After a week like that, Ms. Shapiro, age 33, says she had a "light bulb" moment. "I thought, 'What the heck am I doing in bed? I can turn this around.' And I did." She put her writing skills to work and set up a communications consulting business. She still gets anxious at times but no longer feels she's on the edge of breaking down. "I just made myself snap out of it," she says.

Fifty years ago, Ms. Shapiro's experience would have been called a "nervous breakdown"—an unscientific term for personal crises ranging from serious mental illness and alcoholism to marital problems and stress.

Today, psychiatry is more precise. A sudden inability to cope with life's demands could be classified as one of dozens of specific mental disorders, including post-traumatic stress disorder, generalized anxiety disorder or major depression. There's no official term for milder forms of "nervous breakdown," though some patients and clinicians wish there was still a name for a temporary state of being overwhelmed by outside forces without an underlying mental illness.

"I hear the term 'nervous breakdown' from a patient at least once a week," says Katherine Muller, a clinical psychologist at the Center for Integrative Psychotherapy in Allentown, Pa. "The term lives on in our culture, maybe because it seems to capture so well what people feel when they are distressed."
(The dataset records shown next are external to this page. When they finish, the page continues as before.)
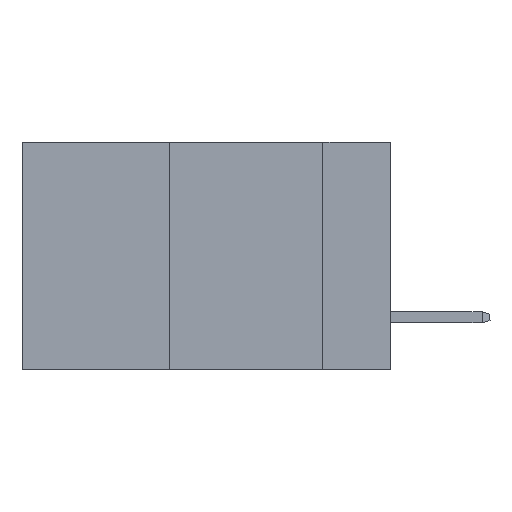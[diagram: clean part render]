
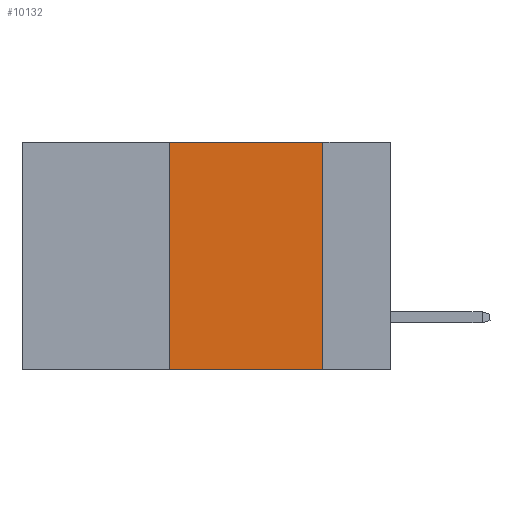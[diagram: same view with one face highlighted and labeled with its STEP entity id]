
A CAD part, left-side view. The second image highlights one B-rep face of the part: STEP entity #10132.
In plain terms, the highlighted planar face has unit normal (-1, 0, 0).
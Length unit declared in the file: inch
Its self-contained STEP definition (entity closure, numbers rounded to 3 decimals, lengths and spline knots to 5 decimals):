
#22 = VERTEX_POINT ( 'NONE', #13310 ) ;
#73 = PLANE ( 'NONE',  #15176 ) ;
#604 = CARTESIAN_POINT ( 'NONE',  ( 0., 0.11, 0. ) ) ;
#1144 = CARTESIAN_POINT ( 'NONE',  ( 0., 0.6, -0.37 ) ) ;
#1853 = VECTOR ( 'NONE', #22519, 39.37008 ) ;
#1900 = ORIENTED_EDGE ( 'NONE', *, *, #6456, .T. ) ;
#2231 = DIRECTION ( 'NONE',  ( 1., 0., 0. ) ) ;
#2846 = EDGE_LOOP ( 'NONE', ( #9697, #12621, #11315, #1900 ) ) ;
#5673 = VECTOR ( 'NONE', #9660, 39.37008 ) ;
#5701 = CARTESIAN_POINT ( 'NONE',  ( 0., 0.11, -0.37 ) ) ;
#5825 = DIRECTION ( 'NONE',  ( 0., 0., 1. ) ) ;
#6323 = LINE ( 'NONE', #19978, #5673 ) ;
#6456 = EDGE_CURVE ( 'NONE', #22, #12213, #14555, .T. ) ;
#9402 = DIRECTION ( 'NONE',  ( 0., -1., 0. ) ) ;
#9660 = DIRECTION ( 'NONE',  ( 0., 0., -1. ) ) ;
#9697 = ORIENTED_EDGE ( 'NONE', *, *, #23100, .F. ) ;
#10132 = ADVANCED_FACE ( 'NONE', ( #16105 ), #73, .F. ) ;
#10924 = VERTEX_POINT ( 'NONE', #23186 ) ;
#11015 = VECTOR ( 'NONE', #5825, 39.37008 ) ;
#11315 = ORIENTED_EDGE ( 'NONE', *, *, #13418, .F. ) ;
#12213 = VERTEX_POINT ( 'NONE', #5701 ) ;
#12621 = ORIENTED_EDGE ( 'NONE', *, *, #16016, .F. ) ;
#13310 = CARTESIAN_POINT ( 'NONE',  ( 0., 0.36, -0.37 ) ) ;
#13418 = EDGE_CURVE ( 'NONE', #22, #10924, #15908, .T. ) ;
#13908 = VECTOR ( 'NONE', #9402, 39.37008 ) ;
#14101 = CARTESIAN_POINT ( 'NONE',  ( 0., 0.36, 0. ) ) ;
#14555 = LINE ( 'NONE', #1144, #13908 ) ;
#15176 = AXIS2_PLACEMENT_3D ( 'NONE', #24941, #2231, #16758 ) ;
#15908 = LINE ( 'NONE', #14101, #11015 ) ;
#16016 = EDGE_CURVE ( 'NONE', #10924, #24141, #18394, .T. ) ;
#16105 = FACE_OUTER_BOUND ( 'NONE', #2846, .T. ) ;
#16758 = DIRECTION ( 'NONE',  ( 0., 0., -1. ) ) ;
#18394 = LINE ( 'NONE', #20418, #1853 ) ;
#19978 = CARTESIAN_POINT ( 'NONE',  ( 0., 0.11, 0. ) ) ;
#20418 = CARTESIAN_POINT ( 'NONE',  ( 0., 0.6, 0. ) ) ;
#22519 = DIRECTION ( 'NONE',  ( 0., -1., 0. ) ) ;
#23100 = EDGE_CURVE ( 'NONE', #24141, #12213, #6323, .T. ) ;
#23186 = CARTESIAN_POINT ( 'NONE',  ( 0., 0.36, 0. ) ) ;
#24141 = VERTEX_POINT ( 'NONE', #604 ) ;
#24941 = CARTESIAN_POINT ( 'NONE',  ( 0., 0.6, 0. ) ) ;

"Given the economic mess we're in, a lot of people are coming in saying they think they're on the verge of a nervous breakdown," says David Hellerstein, research psychiatrist at the New York State Psychiatric Institute. He says it can be challenging to tell immediately if a patient is having an acute episode of mental illness, or a predictable reaction to extreme stress. Symptoms may be similar—including heart palpitations, chest pains, shortness of breath, uncontrollable crying, dizziness, disorientation, exhaustion and a feeling of "going crazy."